A shadow language’s impact isn’t just linguisitic. Among Montreal poets, it can create the feeling of being set apart or cut adrift, of existing as an outsider. “I am nobody: / that is how I will enter you” is the way Michael Harris once addressed a room of imaginary readers. Or take Robyn Sarah: “I am the blip on the screen, / the cold spot, the dark area you see / with indefinite borders.” More exhilaratingly, it can contribute to a “several selves” state: life defined not only by the reality it inhabits, but also the potential—and sometimes fantastical—existences it did not fulfill.
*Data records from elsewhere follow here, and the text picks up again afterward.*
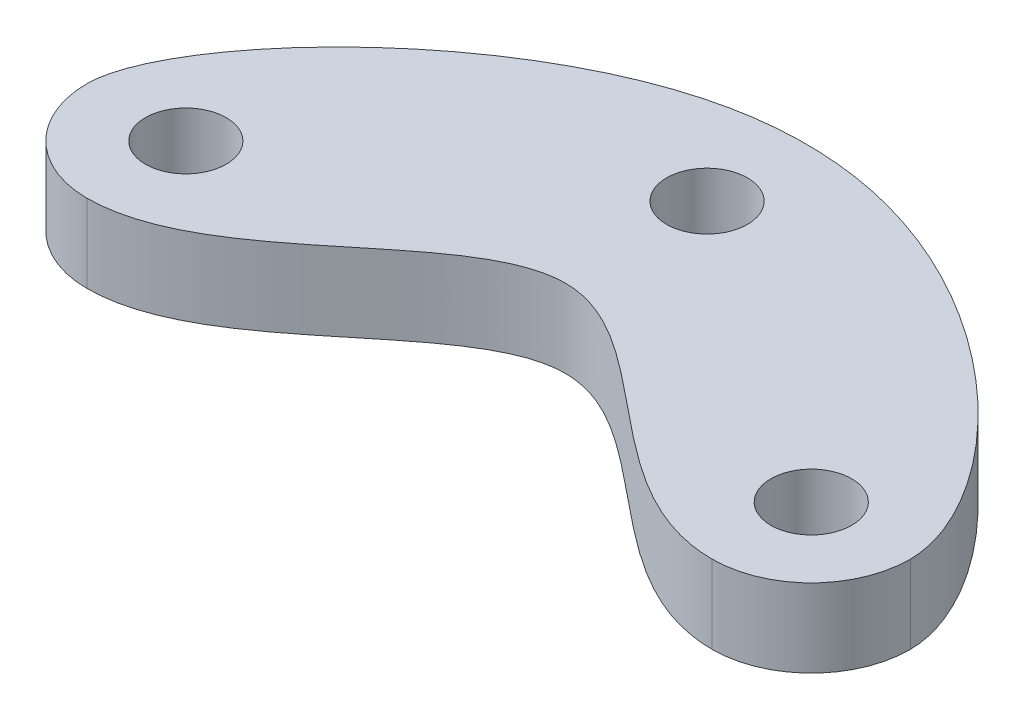
SolidWorks part; units mm, degrees
ref_plane "Front Plane" through (0, 0, 0) normal (0, 0, 1) x (1, 0, 0)
ref_plane "Top Plane" through (0, 0, 0) normal (0, 1, 0) x (1, 0, 0)
ref_plane "Right Plane" through (0, 0, 0) normal (1, 0, 0) x (0, 0, -1)
ref_axis "Axis1" through (-33.0333, 0, 0) along (1, 0, 0)
ref_axis "Axis2" through (0, 24.5224, 0) along (0, -1, 0)
ref_axis "Axis3" through (0, 0, -30.7663) along (0, 0, 1)
sketch "Sketch1" plane through (0, 0, 0) normal (0, 1, 0) x (1, 0, 0)
  line L0 (-24, 0) -> (24, 0) construction
  line L2 (0, 0) -> (0, 16) construction
  circle A3 centre (-24, 0) radius 3.1
  circle A4 centre (24, 0) radius 3.1
  circle A5 centre (0, 16) radius 3.1
  circle A6 centre (0, 16) radius 7.6 construction
  circle A7 centre (24, 0) radius 7.6 construction
  circle A8 centre (-24, 0) radius 7.6 construction
  arc A9 (-31.5999, 0.0357) -> (-24, -7.6) centre (-24, 0) ccw
  arc A10 (24, -7.6) -> (31.6, 0) centre (24, 0) ccw
  spline S0 degree 3 poles (-31.5999, 0.0357) (-31.5779, 6.454) (-15.874, 23.7758) (16.0196, 23.704) (31.5521, 7.1204) (31.6, 0) knots 0 0 0 0 0.447467 0.547467 1 1 1 1
  spline S1 degree 3 poles (-24, -7.6) (-14.6683, -7.615) (0.0112, 17.8222) (14.6459, -7.5661) (24, -7.6) knots 0 0 0 0 0.5 1 1 1 1
  point P3 (0, 0)
  point P23 (0, 0)
  dimension "D1" = 48
  dimension "D3" = 16
  dimension "D2" = 6.2
  dimension "D4" = 4.5
extrude "Boss-Extrude1" add sketch "Sketch1" along normal blind 6

David Solway’s most notorious book, Saracen Island, features faux translations from a fictional Greek poet (he has since tried his hand at “Englishing” poems from Turkish and Domenican). And Asa Boxer’s long poem “Primer to the New World” reinvents Canada’s discovery as a Medieval travel narrative, packed with fabulous beasts and holy objects.
Anglo-Quebec poets are also the only group to successfully reconcile the century-old bicultural quarrel. The “two solitudes” have become what Solway calls the “two solicitudes.” What was once a sense of division is now a feeling of concern for the other’s well-being. Solway—who once declared Québécois poetry “the most powerful, the most interesting and the most vital poetic tradition in all of Canada”—has himself been an excellent conduit for that concern. He used to contribute a monthly translation of a French poem to the now-defunct Books in Canada (since gathered into a lovely anthology called Demilunes: Little Windows on Quebec), enjoys a fervent relationship with many francophone poets, and is the first English writer to win the Grand Prix du livre de Montréal.
It should be said such transactions aren’t exclusively between English and French. In her study Translating Montreal, Sherry Simon calls the city one of the world’s few “contact zones,” a place where languages mingle and intersect. This means poets can avail themselves of shadowy accents from a large palette of foreign vernaculars. Antonio D'Alfonso’s early collections sometimes mixed English, French, and Italian. Erin Mouré has creatively repurposed (or "transelated") Portuguese and Spanish poems into outrightly exotic dialects. Nonetheless, the shift of solitudes into solicitudes is the tale of an exploited double heritage, of poets embracing the acoustic advantage of living inside the French language and taking pleasure from its music. The self-centeredness of English dissolves in such a climate, forcing poets to acknowledge that larger soundscape.
Of course, that also means acknowledging the existence of singular talents like Nepveu. And that, in turn, means acknowledging a version of Canadian poetry found only in translation, in the sympathetic resonances between foreign words. Those of us committed to engaging with—and making available—literary worlds not our own can feel like that English radio station, discussed in Translating Montreal, that advertised delivering the “news to nous.” But “news to nous” isn’t always news that stays news. Fact is, it’s news to which Canada is now deaf.
CARMINE STARNINO is Partisan's Senior Contributing Editor, Poetry Editor for Véhicule Press, and Non-Fiction Editor for Porcupine's Quill. He is the author of many books of poetry and criticism, and his work has appeared in Poetry, among other magazines.